Sobre el papel, esta desgarradora historia debería funcionar a modo de material dramático idóneo para Paul Greengrass; a lo largo de su carrera, gracias a títulos como 'Bloody Sunday' –sobre la violencia militar británica en Irlanda del Norte– o 'United 93' –sobre los horrores del 11-S–, el inglés se ha confirmado como uno de los directores a los que hay que llamar cuando se trata recrear tragedias históricas modernas. Sin embargo, si aquellas obras previas aparecían despojadas de todo contexto para centrarse en la reconstrucción de los acontecimientos a tiempo real –o casi–, '22 de julio' hace un uso más tradicional de la cronología narrativa. Eso por sí solo serviría para explicar por qué carece de la capacidad de impacto de aquellas, pero no por qué resulta tan rutinaria y tediosa.

Sus primeros cuarenta minutos son, como cabría esperar, una avasalladora recreación del bombardeo y la masacre. Somos testigos del terror de los chicos en el campamento; de cómo la confusión se convierte en pánico a medida que los padres van conociendo los acontecimientos; de la desconcertada preocupación de las autoridades, que tratando desesperadamente de responder a la amenaza con sus limitados recursos.

En todo caso, decimos, lo sucedido el 22 de julio ocupa solo el primer acto de lo que en realidad es un repaso de todo el proceso policial y judicial al que fue sometido Breivik, por un lado, y un sentimental retrato de la dura terapia de rehabilitación física y mental que tuvo que afrontar una de sus víctimas –y que pretende funcionar como metáfora de todo un país herido–, por el otro. Y, en el proceso, Greengrass en ningún momento exhibe ni la musculatura visual y narrativa ni la habilidad para hacernos sentir empujados al centro mismo de la acción de las que ha hecho gala en el pasado. Se limita a acumular escenas para reproducir lo sucedido pero sin intención alguna de generar intensidad dramática, y en su camino va sorteando de forma testaruda asuntos potencialmente interesantes como las causas de fondo que impidieron al país tanto prevenir algo así como neutralizarlo de forma efectiva, o el oprobio del que fue víctima el abogado de Breivik por el mero hecho de verse obligado a proporcionar a un monstruo la defensa que la ley le garantizaba.

placeholder El director de cine británico Paul Greengrass posa durante la presentación de su película '22 de julio' en la 75 edición del Festival de Venecia. (EFE)
El director de cine británico Paul Greengrass posa durante la presentación de su película '22 de julio' en la 75 edición del Festival de Venecia. (EFE)

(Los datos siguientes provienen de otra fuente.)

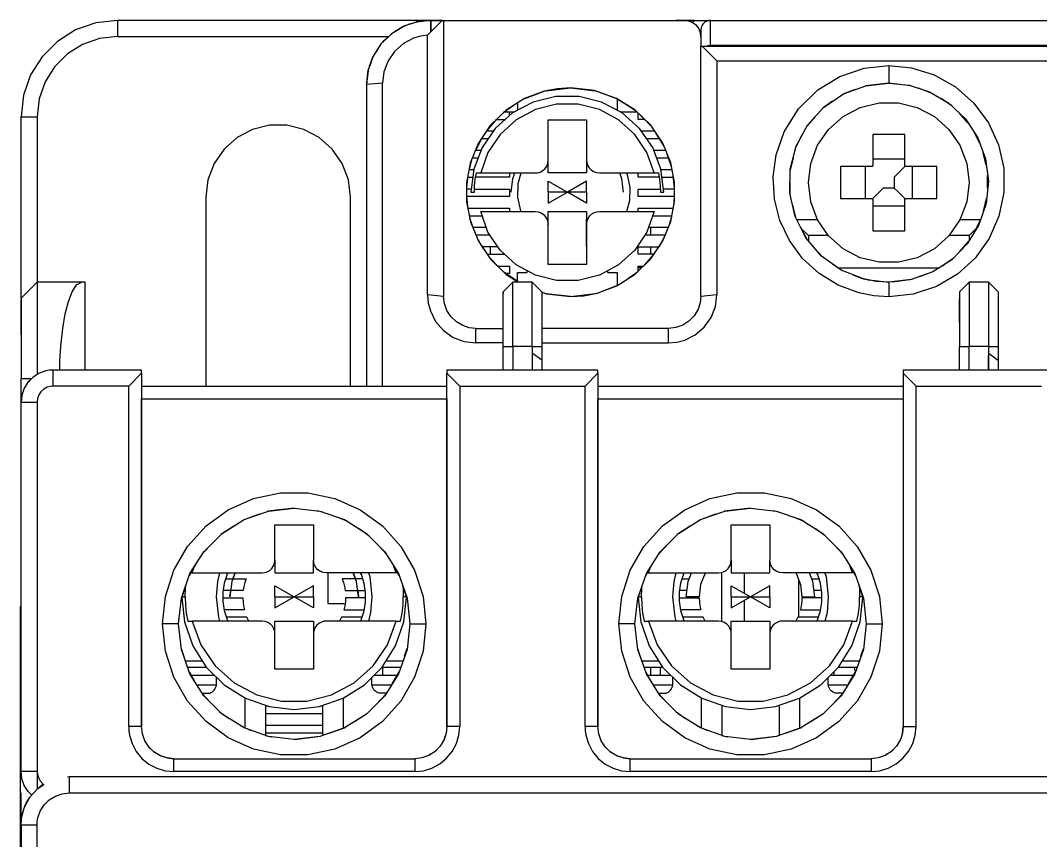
# Model space of a CAD drawing. Header units: millimetres. Extents: x 0 to 56.2, y 0 to 86.5.
# Drawn here: x 0.08 to 31.82, y 60.97 to 86.5 of the extents above; entities that cross this region are included whole.
import ezdxf

# ---------------------------------------------------------------- set-up
doc = ezdxf.new("R2010")
doc.units = ezdxf.units.MM

# ---------------------------------------------------------------- blocks, each defined once
blk = doc.blocks.new('CHINT_8e0fe1875add52128021a9539f7439d4_FACE_0')
at = {"color": 141, "linetype": 'Continuous', "true_color": 0x40d9ff}
for p, q in [((12.775, 86.5), (12.774, 86.494)), ((12.775, 86.5), (12.849, 86.502)), ((12.85, 86.502), (41.064, 86.502)), ((12.85, 86.146), (13.206, 86.502)), ((13.206, 86.502), (13.25, 86.502)), ((13.25, 86.502), (20.75, 86.502)), ((12.85, 86.202), (12.85, 86.202)), ((21.25, 86.002), (21.25, 85.702)), ((21.25, 85.702), (21.294, 85.702)), ((21.75, 85.245), (21.294, 85.702)), ((21.294, 85.702), (32.906, 85.702)), ((21.75, 85.245), (32.45, 85.245)), ((27.1, 84.552), (26.373, 84.464)), ((27.791, 84.468), (27.1, 84.552)), ((16.396, 84.299), (15.713, 84.036)), ((18.311, 84.185), (17.935, 84.316)), ((18.643, 84.062), (18.056, 84.276)), ((26.059, 84.349), (25.676, 84.203)), ((28.451, 84.231), (28.026, 84.392)), ((15.515, 83.911), (15.104, 83.622)), ((15.55, 83.933), (15.55, 83.702)), ((19.212, 83.702), (18.619, 84.075)), ((18.65, 84.058), (18.65, 83.702)), ((19.239, 83.676), (18.795, 83.967)), ((25.35, 83.983), (25.057, 83.781)), ((29.06, 83.839), (28.729, 84.067)), ((15.135, 83.652), (15.455, 83.652)), ((15.3, 83.536), (15.3, 83.652)), ((18.745, 83.652), (19.264, 83.652)), ((19.714, 83.205), (19.366, 83.553)), ((24.804, 83.501), (24.558, 83.223)), ((29.563, 83.313), (29.3, 83.609)), ((14.898, 83.422), (14.601, 83.081)), ((14.898, 83.421), (15.17, 83.421)), ((19.735, 83.174), (19.446, 83.476)), ((14.793, 83.052), (14.582, 83.052)), ((19.817, 83.052), (19.407, 83.052)), ((20.096, 82.613), (19.862, 82.985)), ((20.107, 82.586), (19.906, 82.92)), ((24.398, 82.925), (24.209, 82.565)), ((29.928, 82.687), (29.743, 83.038)), ((14.438, 82.836), (14.231, 82.435)), ((14.428, 82.821), (14.633, 82.821)), ((19.567, 82.821), (19.973, 82.821)), ((14.145, 82.221), (14.32, 82.221)), ((14.408, 82.452), (14.238, 82.452)), ((20.162, 82.452), (19.792, 82.452)), ((19.88, 82.221), (20.256, 82.221)), ((20.339, 81.959), (20.197, 82.366)), ((20.342, 81.945), (20.219, 82.311)), ((24.121, 82.223), (24.028, 81.843)), ((30.136, 81.996), (30.04, 82.383)), ((14.119, 82.158), (14.05, 81.904)), ((26.366, 81.952), (26.366, 80.952)), ((27.6, 82.186), (26.6, 82.186)), ((27.834, 80.952), (27.834, 81.952)), ((13.996, 81.621), (14.157, 81.621)), ((14.185, 81.852), (14.04, 81.852)), ((20.36, 81.852), (20.015, 81.852)), ((20.043, 81.621), (20.404, 81.621)), ((20.436, 81.275), (20.387, 81.707)), ((20.436, 81.28), (20.394, 81.675)), ((30.178, 81.277), (30.177, 81.675)), ((13.988, 81.574), (13.963, 81.302)), ((24.023, 81.47), (24.023, 81.096)), ((14.112, 81.252), (13.963, 81.252)), ((13.964, 81.023), (14.006, 80.629)), ((13.964, 81.023), (14.006, 80.633)), ((20.436, 81.252), (20.088, 81.252)), ((20.412, 80.73), (20.437, 81.001)), ((30.051, 80.564), (30.146, 80.952)), ((24.104, 80.747), (24.198, 80.371)), ((27.6, 80.718), (26.6, 80.718)), ((14.046, 80.421), (14.449, 80.421)), ((14.058, 80.36), (14.175, 80.006)), ((14.058, 80.359), (14.181, 79.993)), ((19.751, 80.421), (20.354, 80.421)), ((20.281, 80.145), (20.35, 80.399)), ((14.58, 80.052), (14.157, 80.052)), ((16.471, 80.302), (16.5, 80.302)), ((20.243, 80.052), (19.62, 80.052)), ((19.7, 79.821), (19.7, 80.052)), ((24.233, 80.302), (24.882, 80.302)), ((24.355, 80.06), (24.54, 79.71)), ((24.6, 79.802), (24.368, 80.034)), ((29.318, 80.302), (29.963, 80.302)), ((29.6, 79.802), (29.863, 80.065)), ((29.759, 79.895), (29.948, 80.257)), ((14.251, 79.821), (14.691, 79.821)), ((14.291, 79.723), (14.473, 79.415)), ((14.293, 79.718), (14.494, 79.384)), ((19.509, 79.821), (20.15, 79.821)), ((19.962, 79.467), (20.169, 79.868)), ((24.6, 79.802), (24.6, 79.64)), ((25.223, 79.802), (24.6, 79.802)), ((29.6, 79.802), (28.977, 79.802)), ((29.6, 79.802), (29.6, 79.636)), ((14.937, 79.452), (14.448, 79.452)), ((14.475, 79.452), (14.462, 79.431)), ((14.7, 79.452), (14.7, 79.221)), ((19.7, 79.221), (19.7, 79.452)), ((24.783, 79.426), (25.032, 79.148)), ((29.316, 79.312), (29.595, 79.629)), ((14.604, 79.221), (15.146, 79.221)), ((14.656, 79.143), (14.895, 78.885)), ((14.665, 79.13), (14.954, 78.828)), ((19.502, 78.882), (19.799, 79.223)), ((28.747, 78.849), (29.108, 79.099)), ((19.419, 78.802), (19.3, 78.802)), ((25.348, 78.922), (25.646, 78.718)), ((25.516, 78.802), (28.674, 78.802)), ((15.556, 78.368), (15.132, 78.656)), ((15.161, 78.628), (15.582, 78.352)), ((18.885, 78.393), (19.296, 78.682)), ((25.981, 78.585), (26.349, 78.447)), ((26.246, 78.479), (26.505, 78.416)), ((26.413, 78.434), (27.105, 78.352)), ((27.215, 78.365), (27.826, 78.441)), ((28.072, 78.529), (28.507, 78.695)), ((1.986, 78.352), (0.6, 78.352)), ((15.4, 78.352), (15.4, 78.352)), ((15.4, 78.352), (15.4, 78.352)), ((16, 78.352), (15.4, 78.352)), ((15.96, 78.352), (15.4, 78.352)), ((18.004, 78.004), (18.687, 78.268)), ((27.1, 78.352), (27.1, 77.895)), ((29.3, 78.052), (29.6, 78.352)), ((29.6, 78.352), (29.6, 78.352)), ((29.6, 78.352), (29.6, 78.352)), ((30.2, 78.352), (29.6, 78.352)), ((30.2, 78.352), (29.6, 78.352)), ((30.2, 78.352), (30.2, 78.352)), ((0.1, 76.719), (0.1, 77.811)), ((15.1, 77.554), (15.1, 77.778)), ((16.3, 78.044), (16.344, 78.028)), ((17.2, 77.902), (16.442, 77.993)), ((16.45, 77.99), (17.2, 77.902)), ((17.2, 77.902), (17.963, 77.997)), ((29.3, 78.052), (29.3, 78.01)), ((15.1, 77.114), (15.1, 77.554)), ((15.1, 77.554), (15.1, 77.554)), ((0.1, 76.475), (0.1, 75.905)), ((15.4, 76.352), (15.4, 75.617)), ((16, 76.352), (15.4, 76.352)), ((16, 76.352), (16, 75.617)), ((29.6, 75.617), (29.6, 76.352)), ((30.2, 76.352), (29.6, 76.352)), ((30.2, 76.352), (30.2, 75.617)), ((30.5, 76.352), (30.5, 75.926)), ((30.2, 76.138), (30.5, 75.926)), ((30.5, 75.926), (30.5, 75.617)), ((3.85, 75.117), (13.35, 75.117)), ((13.75, 75.117), (17.65, 75.117)), ((18.05, 75.117), (27.55, 75.117)), ((27.95, 75.117), (31.85, 75.117)), ((3.85, 74.217), (3.85, 74.217)), ((3.85, 74.217), (3.85, 74.217)), ((13.35, 74.217), (13.35, 74.217)), ((13.35, 74.217), (13.35, 74.217)), ((18.05, 74.217), (18.05, 74.217)), ((18.05, 74.217), (18.05, 74.217)), ((27.55, 74.217), (27.55, 74.217)), ((27.55, 74.217), (27.55, 74.217)), ((3.85, 73.717), (3.85, 73.717)), ((13.35, 73.717), (13.35, 73.717)), ((18.05, 73.917), (18.05, 73.917)), ((27.55, 73.917), (27.55, 73.917)), ((3.85, 73.552), (3.85, 73.552)), ((13.35, 73.552), (13.35, 73.552)), ((18.05, 73.552), (18.05, 73.552)), ((27.55, 73.552), (27.55, 73.552)), ((3.85, 73.052), (3.85, 73.052)), ((3.85, 73.017), (3.85, 73.017)), ((13.35, 73.017), (13.35, 73.017)), ((7.513, 71.127), (7.008, 70.942)), ((8.595, 71.317), (7.781, 71.221)), ((9.494, 71.195), (9.313, 71.237)), ((21.713, 71.127), (21.208, 70.942)), ((22.795, 71.317), (21.981, 71.221)), ((23.694, 71.195), (23.513, 71.237)), ((10.264, 70.897), (9.939, 71.039)), ((24.464, 70.897), (24.139, 71.039)), ((6.72, 70.761), (6.32, 70.496)), ((10.92, 70.457), (10.625, 70.67)), ((20.92, 70.761), (20.52, 70.496)), ((25.12, 70.457), (24.825, 70.67)), ((6.065, 70.242), (5.751, 69.907)), ((20.265, 70.242), (19.951, 69.907)), ((3.85, 70.052), (3.85, 70.052)), ((3.85, 69.952), (3.85, 69.952)), ((11.46, 69.89), (11.229, 70.148)), ((25.66, 69.89), (25.429, 70.148)), ((3.85, 69.721), (3.85, 69.721)), ((5.552, 69.59), (5.332, 69.208)), ((19.752, 69.59), (19.532, 69.208)), ((3.85, 69.352), (3.85, 69.352)), ((11.863, 69.223), (11.705, 69.499)), ((21.9, 69.316), (21.9, 67.789)), ((22.6, 69.302), (22.6, 68.666)), ((26.063, 69.223), (25.905, 69.499)), ((3.85, 69.121), (3.85, 69.121)), ((20.669, 69.121), (20.892, 69.121)), ((21.25, 68.945), (21.245, 68.925)), ((24.3, 67.921), (24.3, 69.076)), ((24.355, 68.925), (24.35, 68.945)), ((24.708, 69.121), (24.931, 69.121)), ((3.85, 68.752), (3.85, 68.752)), ((5.164, 68.729), (5.086, 68.482)), ((12.113, 68.488), (12.033, 68.738)), ((19.364, 68.729), (19.286, 68.482)), ((20.824, 68.752), (20.587, 68.752)), ((25.012, 68.752), (24.776, 68.752)), ((26.313, 68.488), (26.233, 68.738)), ((3.85, 68.521), (3.85, 68.521)), ((3.85, 68.325), (3.85, 68.325)), ((5.108, 68.552), (5.205, 68.552)), ((12.093, 68.552), (11.995, 68.552)), ((19.308, 68.552), (19.405, 68.552)), ((22.6, 68.438), (22.6, 67.802)), ((26.293, 68.552), (26.195, 68.552)), ((5, 67.717), (4.5, 67.717)), ((12.2, 67.717), (12.7, 67.717)), ((19.2, 67.717), (18.7, 67.717)), ((26.4, 67.717), (26.9, 67.717)), ((3.85, 67.11), (3.85, 67.11)), ((3.85, 66.952), (3.85, 66.952)), ((3.85, 66.721), (3.85, 66.721)), ((5.087, 66.947), (5.167, 66.697)), ((12.036, 66.705), (12.114, 66.952)), ((19.287, 66.947), (19.367, 66.697)), ((26.236, 66.705), (26.314, 66.952)), ((3.85, 66.352), (3.85, 66.352)), ((5.749, 66.552), (5.218, 66.552)), ((5.881, 66.352), (5.288, 66.352)), ((11.912, 66.352), (11.319, 66.352)), ((11.35, 66.352), (11.35, 66.121)), ((11.982, 66.552), (11.451, 66.552)), ((19.949, 66.552), (19.418, 66.552)), ((20.081, 66.352), (19.488, 66.352)), ((19.7, 66.121), (19.7, 66.352)), ((20, 66.121), (20, 66.352)), ((26.112, 66.352), (25.519, 66.352)), ((26.182, 66.552), (25.651, 66.552)), ((3.85, 66.121), (3.85, 66.121)), ((5.337, 66.211), (5.495, 65.935)), ((5.389, 66.121), (6.112, 66.121)), ((11.088, 66.121), (11.808, 66.121)), ((11.648, 65.844), (11.868, 66.226)), ((19.537, 66.211), (19.695, 65.935)), ((19.589, 66.121), (20.312, 66.121)), ((25.288, 66.121), (26.008, 66.121)), ((25.3, 66.133), (25.3, 66.121)), ((25.4, 66.121), (25.4, 66.233)), ((25.848, 65.844), (26.068, 66.226)), ((3.85, 65.752), (3.85, 65.752)), ((6.178, 65.802), (5.579, 65.802)), ((11.621, 65.802), (11.024, 65.802)), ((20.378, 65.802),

'22 de julio' no es la primera película en rememorar los atentados de Noruega; hace unos meses se presentó en la Berlinale 'Utoya. 22 de Julio', un plano secuencia de hora y media centrado exclusivamente en la masacre de la isla. Su director, Erik Poppe, fue duramente criticado por convertir la muerte y el sufrimiento de personas reales en un virguero entretenimiento, pese a que el terror y la tensión que generaba en el espectador servían a modo de pertinente reflexión sobre lo fútil que puede llegar a ser la tragedia humana. Greengrass, en cambio, ha hecho '22 de julio' con el objetivo de no herir las sensibilidades de nadie, y como resultado tampoco ofrece ni entretenimiento ni verdadera reflexión. En última instancia se limita a celebrar la capacidad de la sociedad para hacer prevalecer sus valores de tolerancia e integración frente a la propagación del odio. La realidad nos demuestra que no hay motivos para celebrar nada.

El 22 de julio de 2011, el terrorista de extrema derecha Anders Behring Breivik hizo explotar una bomba frente a un edificio del gobierno de Oslo antes de masacrar a decenas de jóvenes, la mayoría de ellos hijos de políticos, en la cercana isla de Utoya. Setenta y siete personas murieron y otros cientos resultaron heridas por culpa de lo que Breivik definió como su guerra personal para recuperar Noruega y Europa de las garras del liberalismo, el multiculturalismo y el Islam. El suceso monopolizó a los medios de todo el mundo durante los días posteriores a los atentados, y después nuevamente cuando el único detenido utilizó su proceso judicial para hacer propaganda de su infame cosmovisión.